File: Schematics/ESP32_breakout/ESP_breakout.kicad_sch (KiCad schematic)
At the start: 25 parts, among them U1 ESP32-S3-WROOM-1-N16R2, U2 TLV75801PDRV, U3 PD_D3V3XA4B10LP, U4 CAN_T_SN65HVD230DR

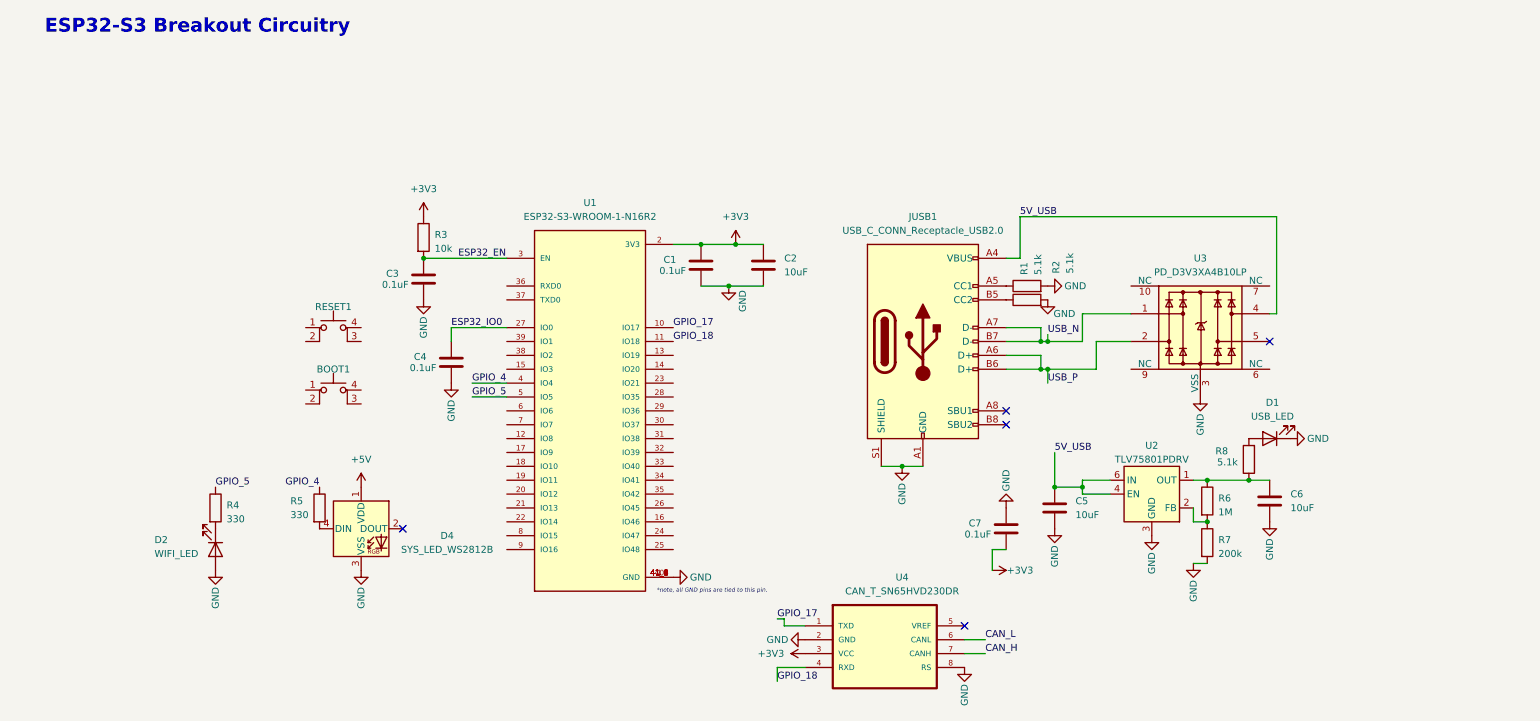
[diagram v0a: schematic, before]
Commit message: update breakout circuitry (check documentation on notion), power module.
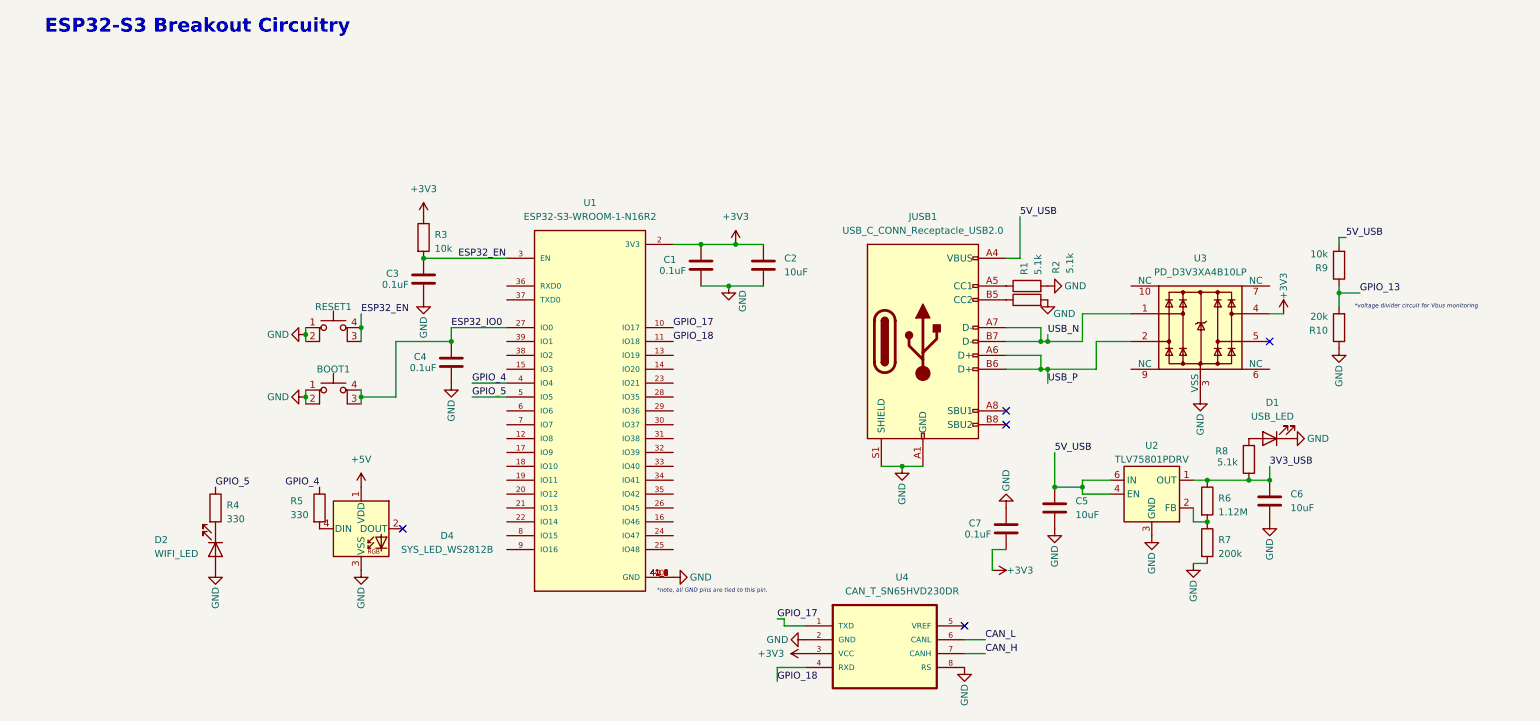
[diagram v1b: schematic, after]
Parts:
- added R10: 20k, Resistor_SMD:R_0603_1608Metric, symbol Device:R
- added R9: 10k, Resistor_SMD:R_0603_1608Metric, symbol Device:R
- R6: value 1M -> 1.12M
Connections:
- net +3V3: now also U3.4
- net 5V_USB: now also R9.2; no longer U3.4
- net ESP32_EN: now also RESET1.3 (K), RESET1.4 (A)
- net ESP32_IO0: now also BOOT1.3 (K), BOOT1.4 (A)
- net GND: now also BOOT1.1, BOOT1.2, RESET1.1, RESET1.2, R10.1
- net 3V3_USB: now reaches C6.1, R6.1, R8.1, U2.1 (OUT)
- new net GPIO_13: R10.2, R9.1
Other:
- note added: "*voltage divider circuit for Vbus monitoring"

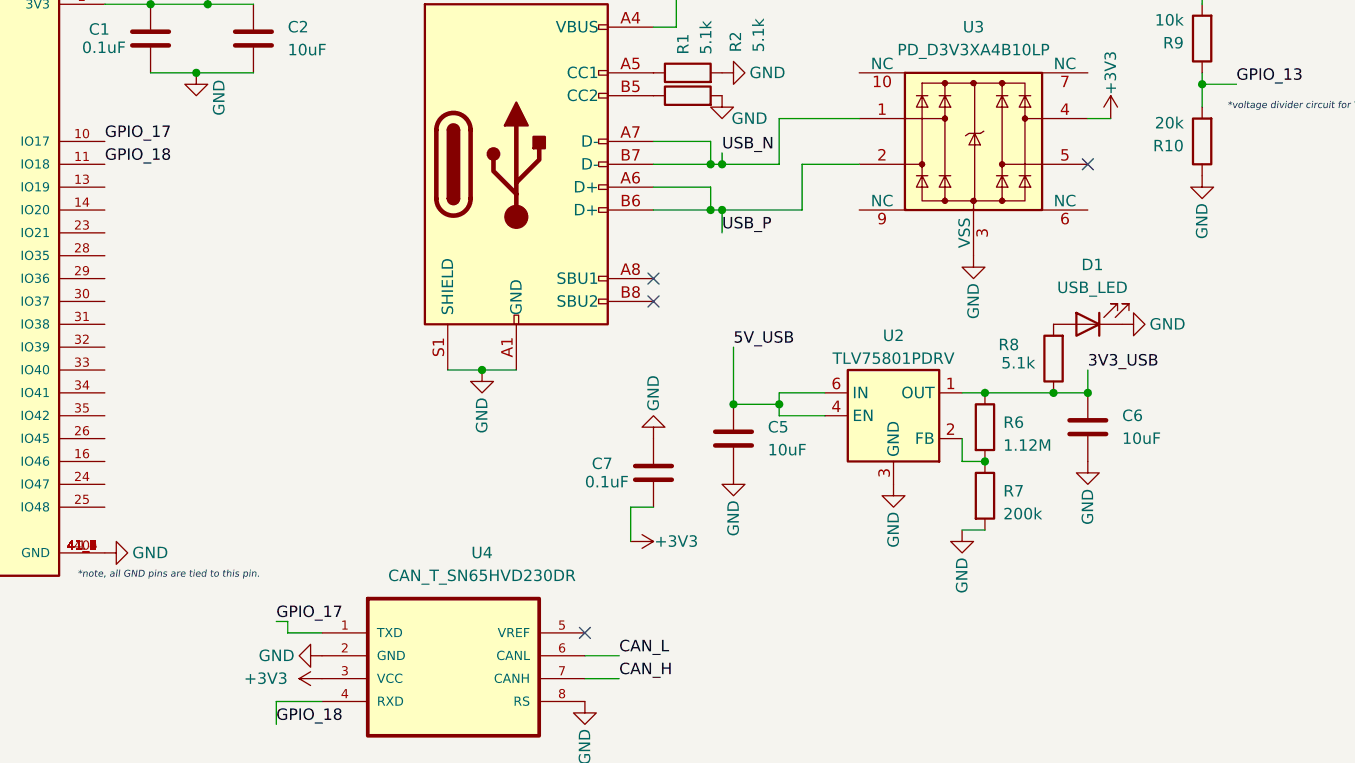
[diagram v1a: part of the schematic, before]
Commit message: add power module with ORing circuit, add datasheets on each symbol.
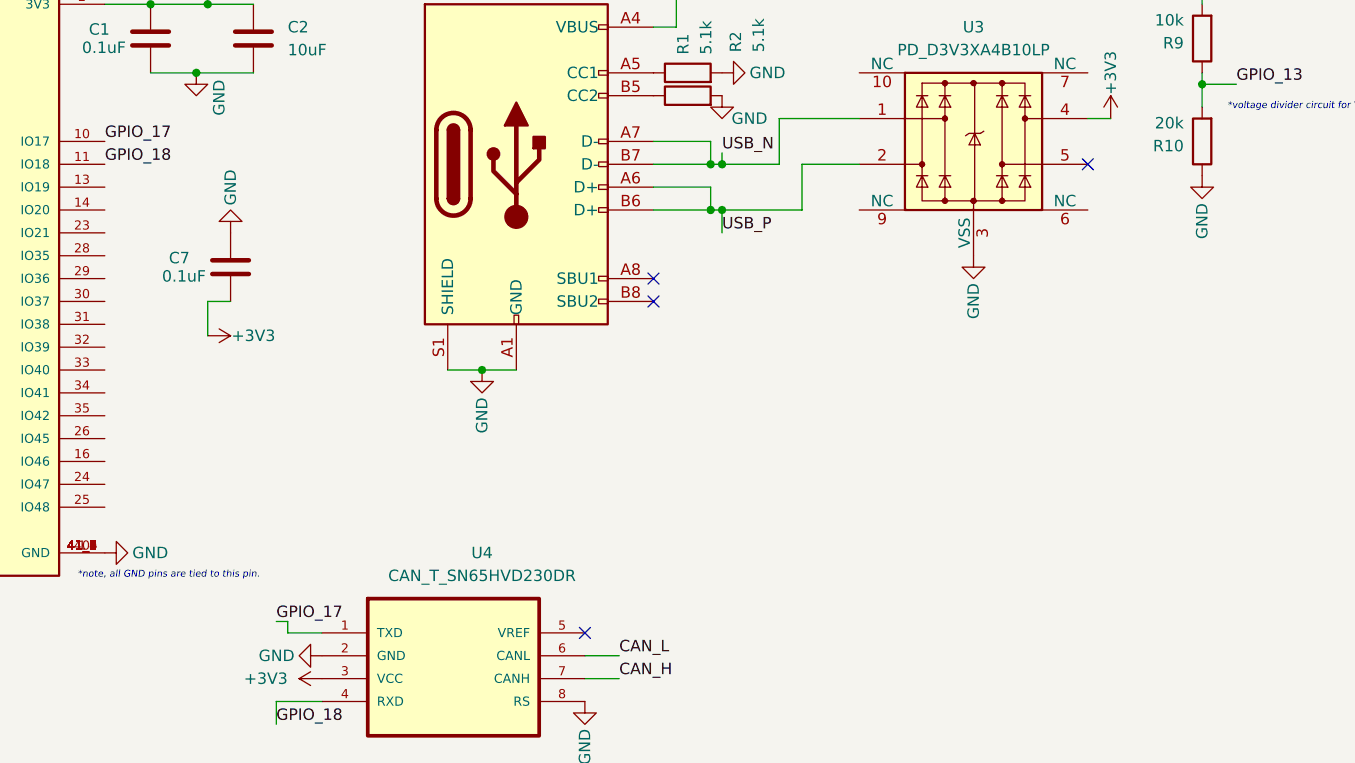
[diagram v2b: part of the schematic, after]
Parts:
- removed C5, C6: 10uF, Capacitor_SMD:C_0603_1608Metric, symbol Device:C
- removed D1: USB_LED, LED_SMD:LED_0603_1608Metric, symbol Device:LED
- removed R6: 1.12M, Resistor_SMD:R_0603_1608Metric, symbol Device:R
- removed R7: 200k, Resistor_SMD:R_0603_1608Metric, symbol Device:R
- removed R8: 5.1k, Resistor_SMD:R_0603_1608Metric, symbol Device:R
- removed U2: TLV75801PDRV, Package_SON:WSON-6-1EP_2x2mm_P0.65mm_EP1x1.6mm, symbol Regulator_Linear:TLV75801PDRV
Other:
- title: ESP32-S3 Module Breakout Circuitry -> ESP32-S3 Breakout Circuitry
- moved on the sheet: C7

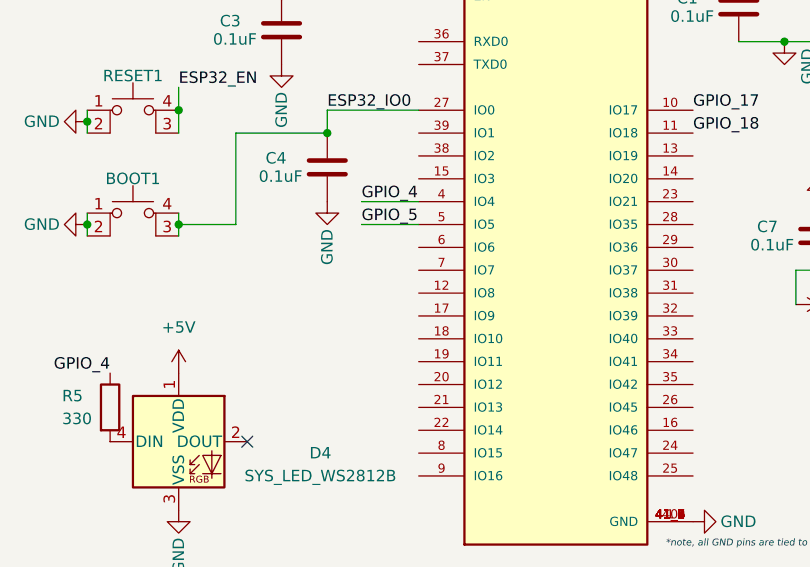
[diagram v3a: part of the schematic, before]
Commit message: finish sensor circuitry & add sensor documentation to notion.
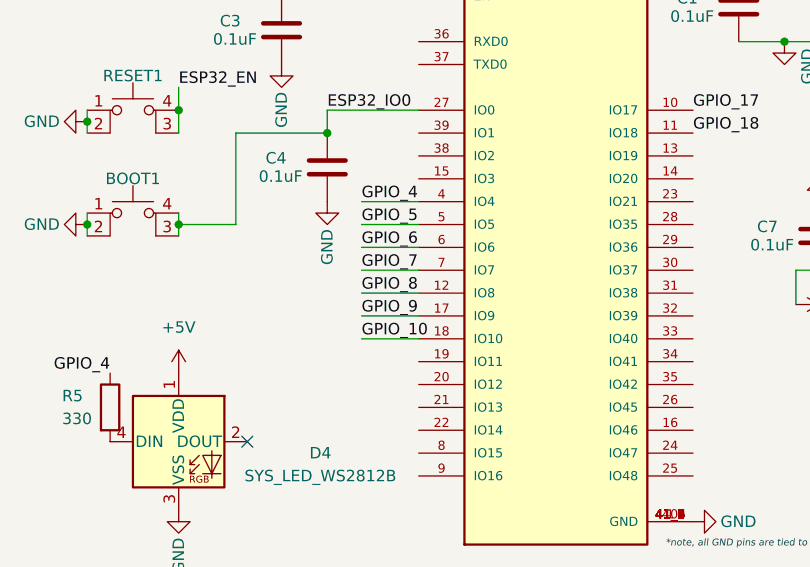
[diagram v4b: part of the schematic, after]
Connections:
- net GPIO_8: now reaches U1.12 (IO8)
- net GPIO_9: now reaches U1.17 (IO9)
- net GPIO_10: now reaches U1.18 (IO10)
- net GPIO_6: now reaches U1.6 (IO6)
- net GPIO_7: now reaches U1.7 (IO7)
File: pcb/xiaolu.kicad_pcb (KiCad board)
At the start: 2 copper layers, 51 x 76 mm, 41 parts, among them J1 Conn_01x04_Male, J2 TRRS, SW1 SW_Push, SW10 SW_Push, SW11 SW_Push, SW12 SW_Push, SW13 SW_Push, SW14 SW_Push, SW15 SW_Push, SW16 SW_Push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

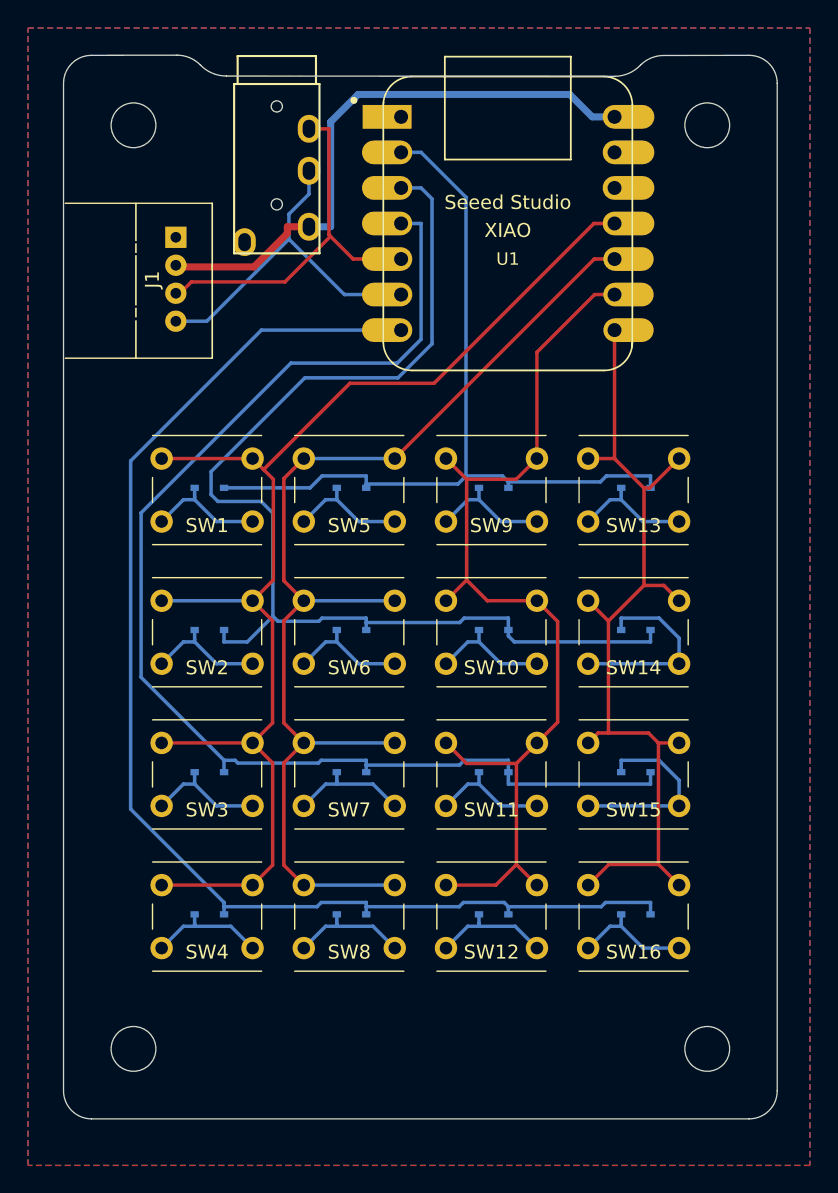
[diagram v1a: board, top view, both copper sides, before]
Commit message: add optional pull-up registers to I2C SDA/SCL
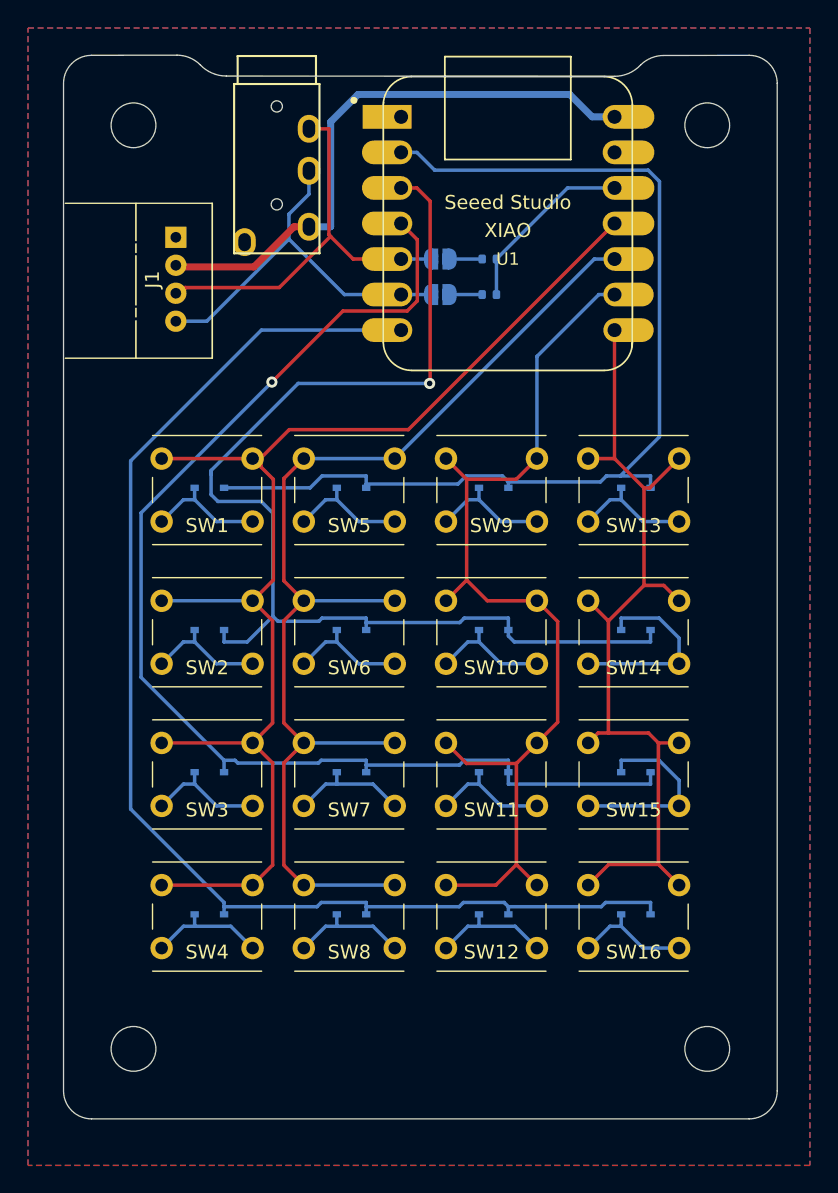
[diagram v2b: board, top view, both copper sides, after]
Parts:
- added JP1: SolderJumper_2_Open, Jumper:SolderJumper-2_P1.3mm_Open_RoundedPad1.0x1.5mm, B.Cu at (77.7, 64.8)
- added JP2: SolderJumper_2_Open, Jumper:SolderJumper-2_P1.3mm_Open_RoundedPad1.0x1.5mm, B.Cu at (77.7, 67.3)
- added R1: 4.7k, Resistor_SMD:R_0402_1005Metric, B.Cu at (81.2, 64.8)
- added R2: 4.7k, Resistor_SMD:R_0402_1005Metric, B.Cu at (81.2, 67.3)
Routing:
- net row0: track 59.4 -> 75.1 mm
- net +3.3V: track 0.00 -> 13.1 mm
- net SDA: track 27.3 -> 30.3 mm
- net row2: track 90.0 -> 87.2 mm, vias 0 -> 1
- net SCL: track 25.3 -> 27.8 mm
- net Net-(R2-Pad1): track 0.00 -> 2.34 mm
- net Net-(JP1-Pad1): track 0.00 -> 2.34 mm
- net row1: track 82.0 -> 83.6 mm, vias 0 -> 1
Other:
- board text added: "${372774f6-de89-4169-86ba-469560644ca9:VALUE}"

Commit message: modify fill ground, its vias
........
WORK TO BE COMPLETED
Please go through the entries and show every line with the word "Commit".

TASK ANSWER
Commit message: update breakout circuitry (check documentation on notion), power module.
Commit message: add power module with ORing circuit, add datasheets on each symbol.
Commit message: finish sensor circuitry & add sensor documentation to notion.
Commit message: add optional pull-up registers to I2C SDA/SCL
Commit message: modify fill ground, its vias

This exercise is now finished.